##### Given records

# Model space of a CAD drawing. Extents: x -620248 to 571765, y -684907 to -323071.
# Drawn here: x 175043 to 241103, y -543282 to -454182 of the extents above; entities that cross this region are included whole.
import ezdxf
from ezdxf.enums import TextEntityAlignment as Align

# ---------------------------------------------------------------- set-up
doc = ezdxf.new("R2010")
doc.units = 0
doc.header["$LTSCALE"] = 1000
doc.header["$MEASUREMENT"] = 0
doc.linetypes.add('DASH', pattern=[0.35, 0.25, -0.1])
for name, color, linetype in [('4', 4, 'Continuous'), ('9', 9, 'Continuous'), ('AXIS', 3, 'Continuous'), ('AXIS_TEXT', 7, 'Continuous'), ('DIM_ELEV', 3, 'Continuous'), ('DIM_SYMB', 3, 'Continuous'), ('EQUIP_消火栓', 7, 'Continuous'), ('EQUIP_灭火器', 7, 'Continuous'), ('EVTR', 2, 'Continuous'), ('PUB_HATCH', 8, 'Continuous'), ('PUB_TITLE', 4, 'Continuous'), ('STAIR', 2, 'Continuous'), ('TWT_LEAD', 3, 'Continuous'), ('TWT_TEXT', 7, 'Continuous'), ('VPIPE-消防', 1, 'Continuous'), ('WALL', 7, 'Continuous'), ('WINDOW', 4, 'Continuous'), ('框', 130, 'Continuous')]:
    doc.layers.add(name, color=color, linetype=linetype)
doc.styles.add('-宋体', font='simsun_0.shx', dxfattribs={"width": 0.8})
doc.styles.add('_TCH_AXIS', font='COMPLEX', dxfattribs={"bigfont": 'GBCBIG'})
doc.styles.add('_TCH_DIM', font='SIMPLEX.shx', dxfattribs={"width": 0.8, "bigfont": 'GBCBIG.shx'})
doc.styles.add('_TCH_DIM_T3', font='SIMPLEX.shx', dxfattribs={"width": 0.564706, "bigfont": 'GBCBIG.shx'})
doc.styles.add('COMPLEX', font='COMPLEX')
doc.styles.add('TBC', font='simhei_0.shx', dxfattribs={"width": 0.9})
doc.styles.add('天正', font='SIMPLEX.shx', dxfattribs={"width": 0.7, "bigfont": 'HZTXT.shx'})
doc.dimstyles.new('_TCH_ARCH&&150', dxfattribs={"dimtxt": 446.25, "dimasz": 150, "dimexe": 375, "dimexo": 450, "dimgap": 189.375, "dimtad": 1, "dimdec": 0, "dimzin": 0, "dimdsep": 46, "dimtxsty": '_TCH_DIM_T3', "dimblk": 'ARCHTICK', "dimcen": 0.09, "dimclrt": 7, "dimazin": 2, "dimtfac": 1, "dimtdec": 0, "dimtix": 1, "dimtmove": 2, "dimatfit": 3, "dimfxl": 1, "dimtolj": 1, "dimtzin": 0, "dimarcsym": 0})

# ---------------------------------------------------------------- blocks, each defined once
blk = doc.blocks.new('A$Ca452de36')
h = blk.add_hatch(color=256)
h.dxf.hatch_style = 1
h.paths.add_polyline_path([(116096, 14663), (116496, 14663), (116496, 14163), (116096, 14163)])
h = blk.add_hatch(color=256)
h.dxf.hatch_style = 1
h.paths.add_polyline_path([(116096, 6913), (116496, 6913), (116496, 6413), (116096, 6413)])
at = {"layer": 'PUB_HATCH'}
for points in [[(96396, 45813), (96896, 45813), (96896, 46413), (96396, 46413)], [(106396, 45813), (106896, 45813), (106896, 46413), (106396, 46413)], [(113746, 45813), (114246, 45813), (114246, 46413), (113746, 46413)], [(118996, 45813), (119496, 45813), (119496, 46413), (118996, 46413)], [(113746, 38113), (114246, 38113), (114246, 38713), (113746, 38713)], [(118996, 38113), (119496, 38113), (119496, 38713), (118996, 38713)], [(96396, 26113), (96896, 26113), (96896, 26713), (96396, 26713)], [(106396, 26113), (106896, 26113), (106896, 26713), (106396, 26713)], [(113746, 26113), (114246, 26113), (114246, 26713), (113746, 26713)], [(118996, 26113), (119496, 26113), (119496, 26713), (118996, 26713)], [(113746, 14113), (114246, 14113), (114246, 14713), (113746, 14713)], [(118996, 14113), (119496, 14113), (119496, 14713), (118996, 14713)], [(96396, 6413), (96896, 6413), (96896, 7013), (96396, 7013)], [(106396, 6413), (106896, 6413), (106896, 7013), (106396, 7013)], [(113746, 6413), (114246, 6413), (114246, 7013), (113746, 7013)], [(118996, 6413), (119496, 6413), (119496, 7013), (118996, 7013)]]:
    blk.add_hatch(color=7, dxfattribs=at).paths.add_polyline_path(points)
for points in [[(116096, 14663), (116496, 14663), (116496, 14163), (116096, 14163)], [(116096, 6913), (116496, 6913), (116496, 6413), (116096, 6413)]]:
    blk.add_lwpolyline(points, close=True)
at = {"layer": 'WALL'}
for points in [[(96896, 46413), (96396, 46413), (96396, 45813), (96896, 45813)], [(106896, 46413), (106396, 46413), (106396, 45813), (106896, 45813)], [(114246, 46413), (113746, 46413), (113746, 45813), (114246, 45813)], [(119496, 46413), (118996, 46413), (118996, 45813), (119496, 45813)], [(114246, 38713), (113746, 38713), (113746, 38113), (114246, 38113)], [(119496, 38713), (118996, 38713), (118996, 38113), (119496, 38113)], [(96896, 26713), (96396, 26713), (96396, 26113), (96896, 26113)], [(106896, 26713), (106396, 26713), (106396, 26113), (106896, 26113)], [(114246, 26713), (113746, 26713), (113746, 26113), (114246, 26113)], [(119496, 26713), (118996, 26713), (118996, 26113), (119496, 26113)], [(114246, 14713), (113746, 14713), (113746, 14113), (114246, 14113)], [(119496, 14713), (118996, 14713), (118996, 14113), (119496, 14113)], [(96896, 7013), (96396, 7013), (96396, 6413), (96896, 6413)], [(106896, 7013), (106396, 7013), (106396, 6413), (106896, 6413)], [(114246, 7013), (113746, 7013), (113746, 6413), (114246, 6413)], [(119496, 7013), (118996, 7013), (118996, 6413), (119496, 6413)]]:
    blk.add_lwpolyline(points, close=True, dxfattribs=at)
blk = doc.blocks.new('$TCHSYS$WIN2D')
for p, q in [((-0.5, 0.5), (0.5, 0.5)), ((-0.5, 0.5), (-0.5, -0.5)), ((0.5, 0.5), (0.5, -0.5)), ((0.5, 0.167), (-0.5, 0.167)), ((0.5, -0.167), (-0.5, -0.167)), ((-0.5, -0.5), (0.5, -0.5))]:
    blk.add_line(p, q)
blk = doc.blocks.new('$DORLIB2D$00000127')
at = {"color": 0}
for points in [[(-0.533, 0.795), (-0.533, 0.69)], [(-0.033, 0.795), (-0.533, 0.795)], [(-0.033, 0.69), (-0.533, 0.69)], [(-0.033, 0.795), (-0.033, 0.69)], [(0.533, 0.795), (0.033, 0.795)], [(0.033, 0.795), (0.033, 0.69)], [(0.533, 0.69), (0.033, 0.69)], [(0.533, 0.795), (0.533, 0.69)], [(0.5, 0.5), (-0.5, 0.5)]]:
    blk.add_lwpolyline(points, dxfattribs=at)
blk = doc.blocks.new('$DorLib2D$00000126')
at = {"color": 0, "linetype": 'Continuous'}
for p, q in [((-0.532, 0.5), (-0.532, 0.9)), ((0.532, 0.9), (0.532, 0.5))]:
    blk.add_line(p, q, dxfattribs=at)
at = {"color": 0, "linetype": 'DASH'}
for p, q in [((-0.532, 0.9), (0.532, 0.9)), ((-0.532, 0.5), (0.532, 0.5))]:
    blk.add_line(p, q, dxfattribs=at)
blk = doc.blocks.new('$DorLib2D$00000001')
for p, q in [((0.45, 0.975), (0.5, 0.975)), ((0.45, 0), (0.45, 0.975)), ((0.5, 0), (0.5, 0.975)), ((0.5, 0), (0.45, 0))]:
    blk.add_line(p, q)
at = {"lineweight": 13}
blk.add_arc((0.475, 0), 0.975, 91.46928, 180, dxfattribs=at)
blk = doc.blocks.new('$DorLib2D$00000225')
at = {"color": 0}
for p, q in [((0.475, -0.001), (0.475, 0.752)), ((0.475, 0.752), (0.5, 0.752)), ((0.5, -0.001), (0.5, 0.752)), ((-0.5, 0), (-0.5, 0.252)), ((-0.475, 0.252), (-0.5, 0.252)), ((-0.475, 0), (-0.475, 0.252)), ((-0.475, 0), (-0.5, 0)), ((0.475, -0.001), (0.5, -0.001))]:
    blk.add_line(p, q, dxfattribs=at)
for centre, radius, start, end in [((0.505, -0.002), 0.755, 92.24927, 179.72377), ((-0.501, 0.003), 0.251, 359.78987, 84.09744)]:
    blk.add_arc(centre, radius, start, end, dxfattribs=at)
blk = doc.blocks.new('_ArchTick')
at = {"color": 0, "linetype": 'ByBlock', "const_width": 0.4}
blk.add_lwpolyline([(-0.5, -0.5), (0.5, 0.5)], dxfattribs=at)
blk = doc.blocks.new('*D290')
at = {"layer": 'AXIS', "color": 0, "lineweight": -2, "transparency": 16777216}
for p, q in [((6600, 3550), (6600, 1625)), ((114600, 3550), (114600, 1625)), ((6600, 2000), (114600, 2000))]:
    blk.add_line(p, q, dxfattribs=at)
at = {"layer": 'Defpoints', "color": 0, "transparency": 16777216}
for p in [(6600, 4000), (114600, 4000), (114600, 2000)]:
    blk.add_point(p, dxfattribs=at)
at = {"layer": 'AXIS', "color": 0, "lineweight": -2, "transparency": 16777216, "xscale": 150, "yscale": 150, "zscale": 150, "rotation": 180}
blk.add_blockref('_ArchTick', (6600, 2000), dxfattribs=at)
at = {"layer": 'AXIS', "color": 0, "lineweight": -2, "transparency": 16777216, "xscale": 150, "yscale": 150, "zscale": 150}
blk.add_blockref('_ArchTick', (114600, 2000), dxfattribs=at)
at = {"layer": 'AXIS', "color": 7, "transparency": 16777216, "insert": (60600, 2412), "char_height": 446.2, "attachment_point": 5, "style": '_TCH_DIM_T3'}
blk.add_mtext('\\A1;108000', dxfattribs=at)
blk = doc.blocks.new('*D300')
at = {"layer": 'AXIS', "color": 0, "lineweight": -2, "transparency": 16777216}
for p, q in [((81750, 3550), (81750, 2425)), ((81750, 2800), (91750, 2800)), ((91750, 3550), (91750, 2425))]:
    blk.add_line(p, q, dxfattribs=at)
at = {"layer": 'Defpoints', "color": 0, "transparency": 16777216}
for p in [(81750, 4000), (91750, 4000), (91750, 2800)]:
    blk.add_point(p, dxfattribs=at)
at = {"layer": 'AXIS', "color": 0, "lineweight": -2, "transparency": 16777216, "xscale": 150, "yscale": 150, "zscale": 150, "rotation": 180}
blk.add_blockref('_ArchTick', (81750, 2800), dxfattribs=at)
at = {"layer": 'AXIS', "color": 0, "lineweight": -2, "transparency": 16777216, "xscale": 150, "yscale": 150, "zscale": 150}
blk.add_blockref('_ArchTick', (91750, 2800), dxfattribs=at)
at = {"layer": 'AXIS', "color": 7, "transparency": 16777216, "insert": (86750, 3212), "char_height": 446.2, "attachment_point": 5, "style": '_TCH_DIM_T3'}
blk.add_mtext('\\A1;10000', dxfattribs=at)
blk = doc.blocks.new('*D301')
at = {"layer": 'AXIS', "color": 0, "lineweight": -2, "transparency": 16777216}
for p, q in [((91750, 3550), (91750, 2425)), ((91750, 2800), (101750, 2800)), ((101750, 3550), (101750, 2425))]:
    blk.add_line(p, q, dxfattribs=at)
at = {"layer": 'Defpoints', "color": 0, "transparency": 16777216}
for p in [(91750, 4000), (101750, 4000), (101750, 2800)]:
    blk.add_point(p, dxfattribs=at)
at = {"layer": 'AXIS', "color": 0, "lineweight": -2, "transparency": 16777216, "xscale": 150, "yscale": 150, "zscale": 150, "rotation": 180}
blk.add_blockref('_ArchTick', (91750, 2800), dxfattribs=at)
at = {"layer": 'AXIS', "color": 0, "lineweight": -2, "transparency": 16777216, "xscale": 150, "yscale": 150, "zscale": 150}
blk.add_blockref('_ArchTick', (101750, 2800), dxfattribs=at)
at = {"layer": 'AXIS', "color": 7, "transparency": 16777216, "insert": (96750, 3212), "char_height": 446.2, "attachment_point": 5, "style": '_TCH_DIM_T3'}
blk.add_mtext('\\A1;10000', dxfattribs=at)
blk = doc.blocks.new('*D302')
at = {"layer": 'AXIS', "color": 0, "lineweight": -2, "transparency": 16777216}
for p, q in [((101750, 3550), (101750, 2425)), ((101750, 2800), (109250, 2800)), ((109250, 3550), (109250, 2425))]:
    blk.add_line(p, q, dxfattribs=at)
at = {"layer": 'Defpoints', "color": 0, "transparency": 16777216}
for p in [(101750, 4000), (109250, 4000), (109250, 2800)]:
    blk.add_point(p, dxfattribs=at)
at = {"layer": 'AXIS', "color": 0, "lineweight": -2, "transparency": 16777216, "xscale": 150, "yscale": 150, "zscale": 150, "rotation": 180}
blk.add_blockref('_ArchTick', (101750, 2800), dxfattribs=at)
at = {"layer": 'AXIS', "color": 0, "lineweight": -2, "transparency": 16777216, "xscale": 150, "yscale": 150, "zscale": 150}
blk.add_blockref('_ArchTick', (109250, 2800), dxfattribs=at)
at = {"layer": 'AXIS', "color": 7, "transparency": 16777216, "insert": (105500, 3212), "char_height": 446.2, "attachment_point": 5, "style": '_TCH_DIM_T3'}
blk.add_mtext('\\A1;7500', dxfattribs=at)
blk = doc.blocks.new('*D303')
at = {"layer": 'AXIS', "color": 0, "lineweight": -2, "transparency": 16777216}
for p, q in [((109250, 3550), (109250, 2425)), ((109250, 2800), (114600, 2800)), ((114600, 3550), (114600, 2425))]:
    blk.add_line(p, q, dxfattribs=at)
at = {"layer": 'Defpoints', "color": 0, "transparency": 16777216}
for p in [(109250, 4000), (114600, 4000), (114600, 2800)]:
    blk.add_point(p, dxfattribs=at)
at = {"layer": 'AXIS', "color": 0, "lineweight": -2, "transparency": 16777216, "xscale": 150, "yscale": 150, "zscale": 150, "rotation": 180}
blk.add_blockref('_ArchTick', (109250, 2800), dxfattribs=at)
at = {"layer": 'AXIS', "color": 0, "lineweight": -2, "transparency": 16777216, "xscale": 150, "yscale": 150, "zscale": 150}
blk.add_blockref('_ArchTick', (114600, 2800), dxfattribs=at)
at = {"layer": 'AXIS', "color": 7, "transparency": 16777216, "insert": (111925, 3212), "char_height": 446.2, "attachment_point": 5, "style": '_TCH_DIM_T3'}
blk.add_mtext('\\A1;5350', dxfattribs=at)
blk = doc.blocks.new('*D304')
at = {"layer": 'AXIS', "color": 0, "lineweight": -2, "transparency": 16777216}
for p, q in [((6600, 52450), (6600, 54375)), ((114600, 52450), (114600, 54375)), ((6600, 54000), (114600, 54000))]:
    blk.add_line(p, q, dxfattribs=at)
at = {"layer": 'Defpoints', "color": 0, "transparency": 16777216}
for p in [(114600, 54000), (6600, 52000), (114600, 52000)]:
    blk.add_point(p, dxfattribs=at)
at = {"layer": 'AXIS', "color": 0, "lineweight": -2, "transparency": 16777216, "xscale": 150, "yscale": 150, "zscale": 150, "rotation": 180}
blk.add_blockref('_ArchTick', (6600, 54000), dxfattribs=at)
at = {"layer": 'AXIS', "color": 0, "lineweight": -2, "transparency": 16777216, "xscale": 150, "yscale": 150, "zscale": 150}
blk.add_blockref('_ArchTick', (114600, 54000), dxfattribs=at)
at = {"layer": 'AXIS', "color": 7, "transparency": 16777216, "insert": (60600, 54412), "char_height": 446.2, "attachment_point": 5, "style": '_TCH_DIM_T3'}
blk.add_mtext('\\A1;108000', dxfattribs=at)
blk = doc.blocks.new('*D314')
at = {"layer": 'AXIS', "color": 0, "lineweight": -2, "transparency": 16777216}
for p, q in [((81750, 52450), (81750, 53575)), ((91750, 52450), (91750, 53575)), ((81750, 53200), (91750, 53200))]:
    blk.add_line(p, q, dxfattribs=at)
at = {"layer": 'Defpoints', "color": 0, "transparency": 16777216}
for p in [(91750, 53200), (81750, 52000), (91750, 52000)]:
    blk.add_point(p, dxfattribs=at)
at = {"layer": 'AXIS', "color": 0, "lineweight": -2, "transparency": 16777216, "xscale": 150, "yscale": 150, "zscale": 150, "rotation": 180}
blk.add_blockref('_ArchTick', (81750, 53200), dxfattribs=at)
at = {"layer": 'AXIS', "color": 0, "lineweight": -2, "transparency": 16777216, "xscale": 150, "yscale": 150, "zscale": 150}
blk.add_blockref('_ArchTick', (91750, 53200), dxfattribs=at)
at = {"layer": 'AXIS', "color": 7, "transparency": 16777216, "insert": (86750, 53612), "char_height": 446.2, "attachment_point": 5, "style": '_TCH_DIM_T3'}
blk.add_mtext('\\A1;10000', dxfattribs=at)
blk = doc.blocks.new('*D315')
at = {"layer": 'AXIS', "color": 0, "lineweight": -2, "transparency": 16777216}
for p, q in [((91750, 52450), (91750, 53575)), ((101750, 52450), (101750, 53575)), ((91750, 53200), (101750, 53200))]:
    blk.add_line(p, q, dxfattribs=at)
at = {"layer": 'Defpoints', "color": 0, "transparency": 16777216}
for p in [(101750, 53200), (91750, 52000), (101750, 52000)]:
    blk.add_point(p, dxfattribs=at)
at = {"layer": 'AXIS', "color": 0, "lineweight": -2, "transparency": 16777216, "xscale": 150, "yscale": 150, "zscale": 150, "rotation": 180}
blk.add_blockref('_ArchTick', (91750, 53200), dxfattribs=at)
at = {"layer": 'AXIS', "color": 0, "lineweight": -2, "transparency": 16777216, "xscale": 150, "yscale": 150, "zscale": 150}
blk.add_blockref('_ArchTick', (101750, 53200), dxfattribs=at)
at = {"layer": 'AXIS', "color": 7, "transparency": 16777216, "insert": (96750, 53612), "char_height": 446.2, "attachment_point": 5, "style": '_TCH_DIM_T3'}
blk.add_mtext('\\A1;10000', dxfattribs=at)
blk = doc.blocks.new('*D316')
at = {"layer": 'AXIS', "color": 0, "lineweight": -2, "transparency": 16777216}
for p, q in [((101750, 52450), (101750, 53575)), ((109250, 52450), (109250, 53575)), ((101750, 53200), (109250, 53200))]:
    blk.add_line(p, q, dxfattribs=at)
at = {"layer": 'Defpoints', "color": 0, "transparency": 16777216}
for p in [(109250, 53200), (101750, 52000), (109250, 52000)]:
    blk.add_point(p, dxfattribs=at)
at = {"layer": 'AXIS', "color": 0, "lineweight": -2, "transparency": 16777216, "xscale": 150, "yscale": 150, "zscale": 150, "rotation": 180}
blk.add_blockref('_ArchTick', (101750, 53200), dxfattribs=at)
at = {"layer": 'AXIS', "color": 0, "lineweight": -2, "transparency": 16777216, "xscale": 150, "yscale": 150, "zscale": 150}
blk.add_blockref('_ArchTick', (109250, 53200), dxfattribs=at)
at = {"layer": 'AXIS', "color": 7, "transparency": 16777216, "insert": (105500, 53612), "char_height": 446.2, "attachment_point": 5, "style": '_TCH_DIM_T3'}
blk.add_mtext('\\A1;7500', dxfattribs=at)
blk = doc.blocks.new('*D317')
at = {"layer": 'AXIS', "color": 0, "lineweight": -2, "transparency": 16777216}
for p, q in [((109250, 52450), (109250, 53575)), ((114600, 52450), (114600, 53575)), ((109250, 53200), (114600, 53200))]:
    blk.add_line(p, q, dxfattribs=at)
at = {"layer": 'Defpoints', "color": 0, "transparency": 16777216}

##########

*What you should do*.
Working through the entries line by line, count those containing "DASH" and report only the number.

*Answer below*.
2